# WORK ITEM
Report every line of the records beneath this task that holds the string "BuildSketch".

==== TASK MATERIAL

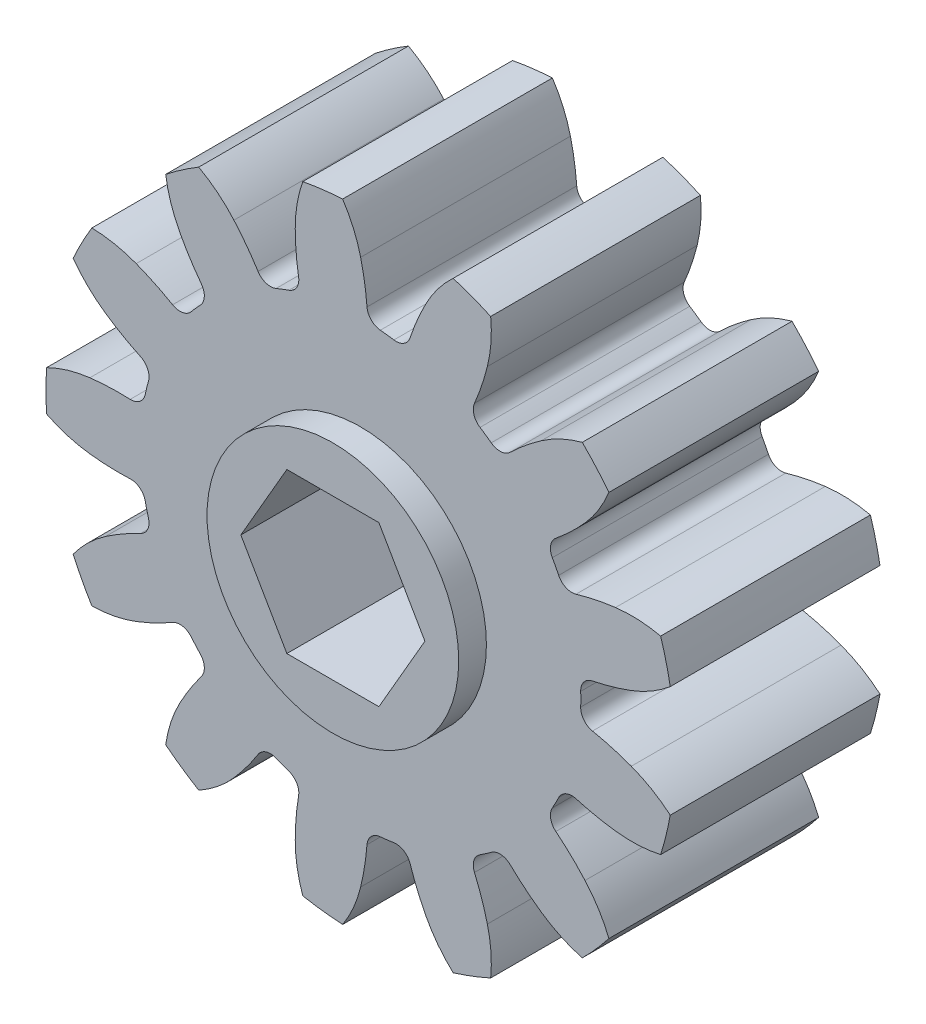
from build123d import *

# Parameters (mm, degrees)
SKETCH1_R           = 9.525
ROUND_STOCK_DEPTH   = 3.175
SINGLE_TOOTH_DEPTH  = 15.892070037
TOOTH_PATTERN_COUNT = 13
CUT_EXTRUDE1_DEPTH  = 15.882187212
SKETCH8_R           = 3.81
BOSS_EXTRUDE1_DEPTH = 0.8382


with BuildPart() as part:
    # Sketch1 → Round Stock (new, symmetric)
    with BuildSketch(Plane.XY):
        Circle(SKETCH1_R)
    extrude(amount=ROUND_STOCK_DEPTH, both=True)

    # Sketch2 → Single Tooth (cut, through all)
    with BuildSketch(Plane.XY.offset(3.175)):
        with BuildLine():
            ThreePointArc((-8.699219347, -3.879330837), (-9.248220811, -2.279481702), (-9.505591122, -0.607751944))
            ThreePointArc((-9.505591122, -0.607751944), (-8.866874127, -0.859264513), (-8.194501154, -0.997585))
            ThreePointArc((-8.194501154, -0.997585), (-7.585039492, -1.044554082), (-6.973773022, -1.042846396))
            ThreePointArc((-6.973773022, -1.042846396), (-6.682727126, -1.135452938), (-6.520145475, -1.394008333))
            ThreePointArc((-6.520145475, -1.394008333), (-6.473754568, -1.595637192), (-6.421130074, -1.795729609))
            ThreePointArc((-6.421130074, -1.795729609), (-6.444932293, -2.100224502), (-6.659604229, -2.317479295))
            ThreePointArc((-6.659604229, -2.317479295), (-7.201647409, -2.600036906), (-7.71947129, -2.92485692))
            ThreePointArc((-7.71947129, -2.92485692), (-8.250547255, -3.35980093), (-8.699219347, -3.879330837))
        make_face()
    single_tooth = extrude(amount=-SINGLE_TOOTH_DEPTH, mode=Mode.SUBTRACT)

    # Tooth Pattern: Single Tooth ×13 about axis
    tooth_pattern_axis = Axis((0, 0, 50), (0, 0, -1))
    for i in range(1, TOOTH_PATTERN_COUNT):
        add(single_tooth.rotate(tooth_pattern_axis, i * 360 / TOOTH_PATTERN_COUNT), mode=Mode.SUBTRACT)

    # Sketch7 → Cut-Extrude1 (cut, through all)
    with BuildSketch(Plane(origin=(0, 0, -3.175), x_dir=(-1, 0, 0), z_dir=(0, 0, -1))):
        Polygon((1.3931462, -2.413), (2.786292399, 0), (1.3931462, 2.413), (-1.3931462, 2.413), (-2.786292399, 0), (-1.3931462, -2.413), align=None)
    extrude(amount=-CUT_EXTRUDE1_DEPTH, mode=Mode.SUBTRACT)

    # Sketch8 → Boss-Extrude1 (add)
    with BuildSketch(Plane.XY.offset(3.175)):
        Circle(SKETCH8_R)
        Polygon((-1.3931462, -2.413), (1.3931462, -2.413), (2.786292399, 0), (1.3931462, 2.413), (-1.3931462, 2.413), (-2.786292399, 0), align=None, mode=Mode.SUBTRACT)
    extrude(amount=BOSS_EXTRUDE1_DEPTH)


solid = part.part

========

# TASK RESULT
    with BuildSketch(Plane.XY):
    with BuildSketch(Plane.XY.offset(3.175)):
    with BuildSketch(Plane(origin=(0, 0, -3.175), x_dir=(-1, 0, 0), z_dir=(0, 0, -1))):
    with BuildSketch(Plane.XY.offset(3.175)):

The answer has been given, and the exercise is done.